→ **ACTIVITY**
Start at the line with "#74=VECTOR('',#73,1.);" in the records below, stop at the line with "#123=DIRECTION('',(1.,0.,0.));", and return every line in that span exactly, the two end lines included.

→ **DATA RECORDS**
▼

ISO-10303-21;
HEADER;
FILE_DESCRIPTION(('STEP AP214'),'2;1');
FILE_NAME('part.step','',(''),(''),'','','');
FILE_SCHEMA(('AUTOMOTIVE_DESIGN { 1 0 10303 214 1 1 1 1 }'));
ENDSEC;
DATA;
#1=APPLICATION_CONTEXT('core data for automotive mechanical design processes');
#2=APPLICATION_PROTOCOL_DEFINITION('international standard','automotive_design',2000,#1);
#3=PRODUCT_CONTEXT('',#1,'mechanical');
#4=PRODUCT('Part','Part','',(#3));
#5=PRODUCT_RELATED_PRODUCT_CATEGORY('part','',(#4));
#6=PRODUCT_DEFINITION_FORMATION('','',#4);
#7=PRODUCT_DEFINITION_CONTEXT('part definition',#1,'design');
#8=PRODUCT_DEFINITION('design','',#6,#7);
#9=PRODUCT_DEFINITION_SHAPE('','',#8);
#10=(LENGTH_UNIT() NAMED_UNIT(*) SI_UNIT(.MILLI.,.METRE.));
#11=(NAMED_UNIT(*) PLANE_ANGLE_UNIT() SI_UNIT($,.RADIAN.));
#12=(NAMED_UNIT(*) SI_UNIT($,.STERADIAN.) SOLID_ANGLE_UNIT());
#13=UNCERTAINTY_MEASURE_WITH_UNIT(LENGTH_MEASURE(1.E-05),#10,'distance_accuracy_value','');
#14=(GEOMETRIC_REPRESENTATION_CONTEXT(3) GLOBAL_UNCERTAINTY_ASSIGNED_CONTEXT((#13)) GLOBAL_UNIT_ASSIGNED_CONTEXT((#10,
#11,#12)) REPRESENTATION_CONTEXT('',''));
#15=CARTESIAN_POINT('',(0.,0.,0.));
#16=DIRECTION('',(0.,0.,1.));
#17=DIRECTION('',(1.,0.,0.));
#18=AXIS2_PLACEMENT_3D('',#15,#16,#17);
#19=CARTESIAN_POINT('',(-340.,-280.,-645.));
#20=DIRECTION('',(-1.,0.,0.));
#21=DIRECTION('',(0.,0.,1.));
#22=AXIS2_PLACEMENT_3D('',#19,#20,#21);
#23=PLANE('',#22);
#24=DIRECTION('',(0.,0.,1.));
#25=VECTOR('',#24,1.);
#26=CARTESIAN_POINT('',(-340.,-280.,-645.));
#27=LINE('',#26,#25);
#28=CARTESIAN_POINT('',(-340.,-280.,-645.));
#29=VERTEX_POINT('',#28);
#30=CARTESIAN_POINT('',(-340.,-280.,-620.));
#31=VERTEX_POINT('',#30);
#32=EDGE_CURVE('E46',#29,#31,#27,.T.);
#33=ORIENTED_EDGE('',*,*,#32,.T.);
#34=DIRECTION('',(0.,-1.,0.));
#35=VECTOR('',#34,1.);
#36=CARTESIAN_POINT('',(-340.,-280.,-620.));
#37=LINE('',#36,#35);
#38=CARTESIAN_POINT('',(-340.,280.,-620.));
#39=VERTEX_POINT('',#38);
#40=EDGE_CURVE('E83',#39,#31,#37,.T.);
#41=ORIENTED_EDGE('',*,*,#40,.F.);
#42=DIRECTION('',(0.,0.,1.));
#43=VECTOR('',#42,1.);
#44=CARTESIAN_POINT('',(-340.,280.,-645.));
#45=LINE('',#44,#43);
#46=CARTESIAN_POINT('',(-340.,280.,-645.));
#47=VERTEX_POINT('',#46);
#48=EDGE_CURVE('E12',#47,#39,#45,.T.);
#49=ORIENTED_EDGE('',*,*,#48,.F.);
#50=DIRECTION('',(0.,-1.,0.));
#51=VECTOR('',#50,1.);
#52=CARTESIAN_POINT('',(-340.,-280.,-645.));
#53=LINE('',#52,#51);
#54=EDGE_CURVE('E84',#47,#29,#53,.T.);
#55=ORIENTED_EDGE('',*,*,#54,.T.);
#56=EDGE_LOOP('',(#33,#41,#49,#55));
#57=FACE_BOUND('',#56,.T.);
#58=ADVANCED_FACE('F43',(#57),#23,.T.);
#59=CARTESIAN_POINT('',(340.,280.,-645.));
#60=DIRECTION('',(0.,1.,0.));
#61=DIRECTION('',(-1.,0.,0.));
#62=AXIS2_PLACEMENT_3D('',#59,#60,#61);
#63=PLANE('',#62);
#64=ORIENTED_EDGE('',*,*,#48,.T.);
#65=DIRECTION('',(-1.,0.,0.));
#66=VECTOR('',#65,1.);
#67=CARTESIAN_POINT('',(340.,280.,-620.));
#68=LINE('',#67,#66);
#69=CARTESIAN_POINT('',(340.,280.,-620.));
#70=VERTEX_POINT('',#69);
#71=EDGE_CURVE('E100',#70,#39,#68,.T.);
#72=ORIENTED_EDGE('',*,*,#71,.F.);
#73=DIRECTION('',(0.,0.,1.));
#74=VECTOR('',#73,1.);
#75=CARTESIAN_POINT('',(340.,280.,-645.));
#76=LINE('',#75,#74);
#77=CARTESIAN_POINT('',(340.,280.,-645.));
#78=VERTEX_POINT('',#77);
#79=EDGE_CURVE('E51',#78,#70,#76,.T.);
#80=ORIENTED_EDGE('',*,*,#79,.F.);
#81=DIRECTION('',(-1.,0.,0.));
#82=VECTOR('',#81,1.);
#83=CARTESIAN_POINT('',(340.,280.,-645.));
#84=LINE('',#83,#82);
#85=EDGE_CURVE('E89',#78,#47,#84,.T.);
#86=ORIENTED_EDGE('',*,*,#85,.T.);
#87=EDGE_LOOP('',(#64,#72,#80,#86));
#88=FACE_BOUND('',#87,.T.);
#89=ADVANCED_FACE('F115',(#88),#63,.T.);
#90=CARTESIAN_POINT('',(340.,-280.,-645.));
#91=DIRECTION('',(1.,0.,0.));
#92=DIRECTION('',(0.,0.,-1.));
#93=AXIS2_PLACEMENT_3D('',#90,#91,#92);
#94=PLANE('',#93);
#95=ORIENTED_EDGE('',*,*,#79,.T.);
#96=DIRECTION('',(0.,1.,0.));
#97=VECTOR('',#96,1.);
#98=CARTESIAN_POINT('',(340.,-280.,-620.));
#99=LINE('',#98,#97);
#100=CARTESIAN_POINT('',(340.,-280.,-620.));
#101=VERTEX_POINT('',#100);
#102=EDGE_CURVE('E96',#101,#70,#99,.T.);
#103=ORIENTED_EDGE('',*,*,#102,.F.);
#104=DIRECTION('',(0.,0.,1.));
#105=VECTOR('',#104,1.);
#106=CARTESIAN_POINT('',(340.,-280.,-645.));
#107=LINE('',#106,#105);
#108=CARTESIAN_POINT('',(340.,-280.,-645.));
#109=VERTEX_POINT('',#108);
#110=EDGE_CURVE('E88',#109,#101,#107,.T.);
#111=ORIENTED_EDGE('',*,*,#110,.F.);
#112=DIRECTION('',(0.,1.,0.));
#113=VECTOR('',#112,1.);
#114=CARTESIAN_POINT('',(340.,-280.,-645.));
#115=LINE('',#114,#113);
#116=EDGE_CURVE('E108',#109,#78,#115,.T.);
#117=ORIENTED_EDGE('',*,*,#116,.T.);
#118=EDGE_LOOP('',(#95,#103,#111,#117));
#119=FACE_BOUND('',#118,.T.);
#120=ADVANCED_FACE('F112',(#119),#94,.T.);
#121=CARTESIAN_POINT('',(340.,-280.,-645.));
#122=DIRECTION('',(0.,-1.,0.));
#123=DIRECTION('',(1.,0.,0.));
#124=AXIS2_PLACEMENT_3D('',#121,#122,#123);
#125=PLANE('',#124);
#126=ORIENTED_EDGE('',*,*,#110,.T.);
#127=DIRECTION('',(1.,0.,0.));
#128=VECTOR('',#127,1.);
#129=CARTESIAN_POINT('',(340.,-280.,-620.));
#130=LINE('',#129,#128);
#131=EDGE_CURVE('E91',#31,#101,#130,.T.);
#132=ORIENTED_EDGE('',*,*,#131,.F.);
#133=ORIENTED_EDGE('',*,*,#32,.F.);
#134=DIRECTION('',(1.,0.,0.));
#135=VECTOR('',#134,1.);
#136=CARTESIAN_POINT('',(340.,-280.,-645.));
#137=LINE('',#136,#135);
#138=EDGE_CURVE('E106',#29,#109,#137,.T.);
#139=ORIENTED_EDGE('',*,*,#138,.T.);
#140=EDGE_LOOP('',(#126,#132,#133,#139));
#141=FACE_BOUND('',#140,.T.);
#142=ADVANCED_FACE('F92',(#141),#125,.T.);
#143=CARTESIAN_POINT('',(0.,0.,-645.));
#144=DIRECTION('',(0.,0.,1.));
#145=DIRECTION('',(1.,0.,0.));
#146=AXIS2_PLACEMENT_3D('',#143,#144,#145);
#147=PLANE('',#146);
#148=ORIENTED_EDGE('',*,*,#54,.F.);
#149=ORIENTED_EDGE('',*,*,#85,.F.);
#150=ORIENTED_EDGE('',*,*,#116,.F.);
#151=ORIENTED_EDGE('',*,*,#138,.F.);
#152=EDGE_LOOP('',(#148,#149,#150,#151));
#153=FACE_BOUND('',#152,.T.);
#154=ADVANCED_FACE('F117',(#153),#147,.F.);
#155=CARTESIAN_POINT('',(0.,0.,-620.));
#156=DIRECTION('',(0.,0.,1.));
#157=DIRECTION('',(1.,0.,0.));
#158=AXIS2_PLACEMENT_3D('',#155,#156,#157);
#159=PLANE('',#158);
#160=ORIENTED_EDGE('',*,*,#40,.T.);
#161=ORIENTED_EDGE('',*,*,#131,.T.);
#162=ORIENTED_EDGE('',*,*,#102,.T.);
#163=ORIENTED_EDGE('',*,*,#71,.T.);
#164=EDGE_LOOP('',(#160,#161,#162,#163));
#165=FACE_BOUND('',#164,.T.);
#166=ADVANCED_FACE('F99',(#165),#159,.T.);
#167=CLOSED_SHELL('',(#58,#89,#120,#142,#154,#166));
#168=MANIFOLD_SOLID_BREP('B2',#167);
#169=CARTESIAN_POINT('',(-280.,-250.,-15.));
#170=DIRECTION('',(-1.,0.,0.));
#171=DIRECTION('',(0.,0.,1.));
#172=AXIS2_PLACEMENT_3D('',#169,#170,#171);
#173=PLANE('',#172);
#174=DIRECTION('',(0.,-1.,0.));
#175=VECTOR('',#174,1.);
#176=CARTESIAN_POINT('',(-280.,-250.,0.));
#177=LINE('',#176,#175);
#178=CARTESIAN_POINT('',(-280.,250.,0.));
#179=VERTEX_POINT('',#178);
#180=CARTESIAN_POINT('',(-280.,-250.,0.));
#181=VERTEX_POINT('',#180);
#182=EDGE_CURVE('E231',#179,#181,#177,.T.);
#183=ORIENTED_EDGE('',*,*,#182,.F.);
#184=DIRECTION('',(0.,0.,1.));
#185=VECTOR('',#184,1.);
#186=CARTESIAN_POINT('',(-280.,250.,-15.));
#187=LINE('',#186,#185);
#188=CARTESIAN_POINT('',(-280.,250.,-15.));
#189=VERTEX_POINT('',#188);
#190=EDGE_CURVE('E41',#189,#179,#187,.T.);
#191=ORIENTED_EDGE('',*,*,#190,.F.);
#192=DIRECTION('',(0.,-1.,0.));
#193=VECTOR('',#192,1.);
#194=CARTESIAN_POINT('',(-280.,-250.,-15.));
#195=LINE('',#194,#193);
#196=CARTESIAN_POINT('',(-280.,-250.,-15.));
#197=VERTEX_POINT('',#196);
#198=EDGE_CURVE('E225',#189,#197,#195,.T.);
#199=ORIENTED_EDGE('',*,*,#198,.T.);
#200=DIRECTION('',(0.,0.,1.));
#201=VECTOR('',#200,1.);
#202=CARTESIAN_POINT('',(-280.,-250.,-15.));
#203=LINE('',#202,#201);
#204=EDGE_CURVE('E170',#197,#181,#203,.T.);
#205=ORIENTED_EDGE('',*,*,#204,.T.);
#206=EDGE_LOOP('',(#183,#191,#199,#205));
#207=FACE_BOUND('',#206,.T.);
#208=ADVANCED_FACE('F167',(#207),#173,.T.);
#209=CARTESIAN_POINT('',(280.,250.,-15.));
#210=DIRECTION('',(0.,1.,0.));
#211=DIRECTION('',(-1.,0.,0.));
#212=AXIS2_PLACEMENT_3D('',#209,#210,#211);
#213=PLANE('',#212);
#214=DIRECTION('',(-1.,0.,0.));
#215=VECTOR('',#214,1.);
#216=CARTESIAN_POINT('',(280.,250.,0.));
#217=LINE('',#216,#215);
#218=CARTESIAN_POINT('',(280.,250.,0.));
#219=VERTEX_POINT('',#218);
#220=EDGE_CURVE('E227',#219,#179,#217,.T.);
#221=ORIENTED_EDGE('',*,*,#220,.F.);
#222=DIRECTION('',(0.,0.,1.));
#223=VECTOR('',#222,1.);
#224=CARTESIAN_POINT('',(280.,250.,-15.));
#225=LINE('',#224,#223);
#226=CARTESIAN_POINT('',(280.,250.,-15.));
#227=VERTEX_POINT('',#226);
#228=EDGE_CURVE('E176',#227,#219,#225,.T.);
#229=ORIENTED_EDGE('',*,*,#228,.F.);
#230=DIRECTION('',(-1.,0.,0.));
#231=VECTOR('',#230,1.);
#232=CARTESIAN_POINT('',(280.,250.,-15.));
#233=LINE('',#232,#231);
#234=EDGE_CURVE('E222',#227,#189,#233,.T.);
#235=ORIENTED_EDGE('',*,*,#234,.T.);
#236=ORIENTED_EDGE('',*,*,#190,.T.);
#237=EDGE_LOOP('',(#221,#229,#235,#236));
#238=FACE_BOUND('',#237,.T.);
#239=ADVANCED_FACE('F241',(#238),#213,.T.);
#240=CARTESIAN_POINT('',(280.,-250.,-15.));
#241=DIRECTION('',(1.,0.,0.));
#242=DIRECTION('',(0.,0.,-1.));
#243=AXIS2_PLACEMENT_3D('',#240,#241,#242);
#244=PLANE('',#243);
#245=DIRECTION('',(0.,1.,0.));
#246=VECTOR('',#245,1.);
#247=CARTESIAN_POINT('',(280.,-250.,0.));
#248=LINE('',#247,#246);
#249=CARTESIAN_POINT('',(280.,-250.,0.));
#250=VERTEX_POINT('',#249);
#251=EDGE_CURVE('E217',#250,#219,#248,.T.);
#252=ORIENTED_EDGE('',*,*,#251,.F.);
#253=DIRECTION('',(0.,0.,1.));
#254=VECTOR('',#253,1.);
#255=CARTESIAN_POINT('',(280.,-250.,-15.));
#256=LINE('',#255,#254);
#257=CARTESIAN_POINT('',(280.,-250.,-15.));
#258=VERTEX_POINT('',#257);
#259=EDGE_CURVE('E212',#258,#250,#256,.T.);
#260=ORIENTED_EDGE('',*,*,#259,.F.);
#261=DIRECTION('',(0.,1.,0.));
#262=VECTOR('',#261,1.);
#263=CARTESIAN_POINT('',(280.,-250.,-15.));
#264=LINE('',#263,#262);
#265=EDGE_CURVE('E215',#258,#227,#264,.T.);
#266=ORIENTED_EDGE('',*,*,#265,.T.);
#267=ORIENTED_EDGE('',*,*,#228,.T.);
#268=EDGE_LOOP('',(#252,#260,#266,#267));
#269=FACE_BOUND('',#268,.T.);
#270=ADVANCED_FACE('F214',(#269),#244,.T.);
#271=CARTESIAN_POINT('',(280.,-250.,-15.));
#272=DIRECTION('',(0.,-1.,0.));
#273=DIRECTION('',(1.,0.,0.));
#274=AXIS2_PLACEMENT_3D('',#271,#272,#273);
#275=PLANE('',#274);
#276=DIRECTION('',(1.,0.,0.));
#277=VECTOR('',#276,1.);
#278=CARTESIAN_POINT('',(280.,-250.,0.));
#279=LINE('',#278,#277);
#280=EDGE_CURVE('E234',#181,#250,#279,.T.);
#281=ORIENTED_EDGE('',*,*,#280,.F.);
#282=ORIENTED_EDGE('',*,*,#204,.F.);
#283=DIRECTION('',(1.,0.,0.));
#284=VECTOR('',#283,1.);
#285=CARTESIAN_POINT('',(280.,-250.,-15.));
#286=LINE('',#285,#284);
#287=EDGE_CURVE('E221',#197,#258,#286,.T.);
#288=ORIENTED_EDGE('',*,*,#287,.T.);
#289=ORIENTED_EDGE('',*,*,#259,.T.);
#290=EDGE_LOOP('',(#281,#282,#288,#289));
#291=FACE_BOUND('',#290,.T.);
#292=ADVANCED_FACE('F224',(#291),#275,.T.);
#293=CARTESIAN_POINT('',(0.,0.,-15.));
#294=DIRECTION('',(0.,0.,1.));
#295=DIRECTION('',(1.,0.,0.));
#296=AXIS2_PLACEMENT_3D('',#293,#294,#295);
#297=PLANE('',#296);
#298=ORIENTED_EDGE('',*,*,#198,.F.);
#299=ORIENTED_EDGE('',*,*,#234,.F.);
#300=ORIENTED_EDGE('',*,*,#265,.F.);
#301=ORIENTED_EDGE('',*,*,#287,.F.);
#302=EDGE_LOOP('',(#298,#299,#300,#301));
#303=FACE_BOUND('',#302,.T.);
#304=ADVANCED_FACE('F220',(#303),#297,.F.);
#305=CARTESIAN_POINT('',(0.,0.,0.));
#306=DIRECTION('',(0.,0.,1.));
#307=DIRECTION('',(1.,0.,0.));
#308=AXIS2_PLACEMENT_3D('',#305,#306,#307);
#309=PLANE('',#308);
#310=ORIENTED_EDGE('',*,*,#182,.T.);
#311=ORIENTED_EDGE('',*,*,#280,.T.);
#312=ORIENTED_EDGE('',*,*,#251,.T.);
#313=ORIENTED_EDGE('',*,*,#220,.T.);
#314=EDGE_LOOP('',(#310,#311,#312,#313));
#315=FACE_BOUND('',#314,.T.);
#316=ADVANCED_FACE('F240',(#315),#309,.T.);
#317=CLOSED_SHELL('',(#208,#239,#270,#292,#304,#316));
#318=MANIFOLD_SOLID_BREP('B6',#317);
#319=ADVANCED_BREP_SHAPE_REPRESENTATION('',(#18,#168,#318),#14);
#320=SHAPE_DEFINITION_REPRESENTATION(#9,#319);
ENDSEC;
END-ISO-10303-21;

▲

→ **REPLY**
#74=VECTOR('',#73,1.);
#75=CARTESIAN_POINT('',(340.,280.,-645.));
#76=LINE('',#75,#74);
#77=CARTESIAN_POINT('',(340.,280.,-645.));
#78=VERTEX_POINT('',#77);
#79=EDGE_CURVE('E51',#78,#70,#76,.T.);
#80=ORIENTED_EDGE('',*,*,#79,.F.);
#81=DIRECTION('',(-1.,0.,0.));
#82=VECTOR('',#81,1.);
#83=CARTESIAN_POINT('',(340.,280.,-645.));
#84=LINE('',#83,#82);
#85=EDGE_CURVE('E89',#78,#47,#84,.T.);
#86=ORIENTED_EDGE('',*,*,#85,.T.);
#87=EDGE_LOOP('',(#64,#72,#80,#86));
#88=FACE_BOUND('',#87,.T.);
#89=ADVANCED_FACE('F115',(#88),#63,.T.);
#90=CARTESIAN_POINT('',(340.,-280.,-645.));
#91=DIRECTION('',(1.,0.,0.));
#92=DIRECTION('',(0.,0.,-1.));
#93=AXIS2_PLACEMENT_3D('',#90,#91,#92);
#94=PLANE('',#93);
#95=ORIENTED_EDGE('',*,*,#79,.T.);
#96=DIRECTION('',(0.,1.,0.));
#97=VECTOR('',#96,1.);
#98=CARTESIAN_POINT('',(340.,-280.,-620.));
#99=LINE('',#98,#97);
#100=CARTESIAN_POINT('',(340.,-280.,-620.));
#101=VERTEX_POINT('',#100);
#102=EDGE_CURVE('E96',#101,#70,#99,.T.);
#103=ORIENTED_EDGE('',*,*,#102,.F.);
#104=DIRECTION('',(0.,0.,1.));
#105=VECTOR('',#104,1.);
#106=CARTESIAN_POINT('',(340.,-280.,-645.));
#107=LINE('',#106,#105);
#108=CARTESIAN_POINT('',(340.,-280.,-645.));
#109=VERTEX_POINT('',#108);
#110=EDGE_CURVE('E88',#109,#101,#107,.T.);
#111=ORIENTED_EDGE('',*,*,#110,.F.);
#112=DIRECTION('',(0.,1.,0.));
#113=VECTOR('',#112,1.);
#114=CARTESIAN_POINT('',(340.,-280.,-645.));
#115=LINE('',#114,#113);
#116=EDGE_CURVE('E108',#109,#78,#115,.T.);
#117=ORIENTED_EDGE('',*,*,#116,.T.);
#118=EDGE_LOOP('',(#95,#103,#111,#117));
#119=FACE_BOUND('',#118,.T.);
#120=ADVANCED_FACE('F112',(#119),#94,.T.);
#121=CARTESIAN_POINT('',(340.,-280.,-645.));
#122=DIRECTION('',(0.,-1.,0.));
#123=DIRECTION('',(1.,0.,0.));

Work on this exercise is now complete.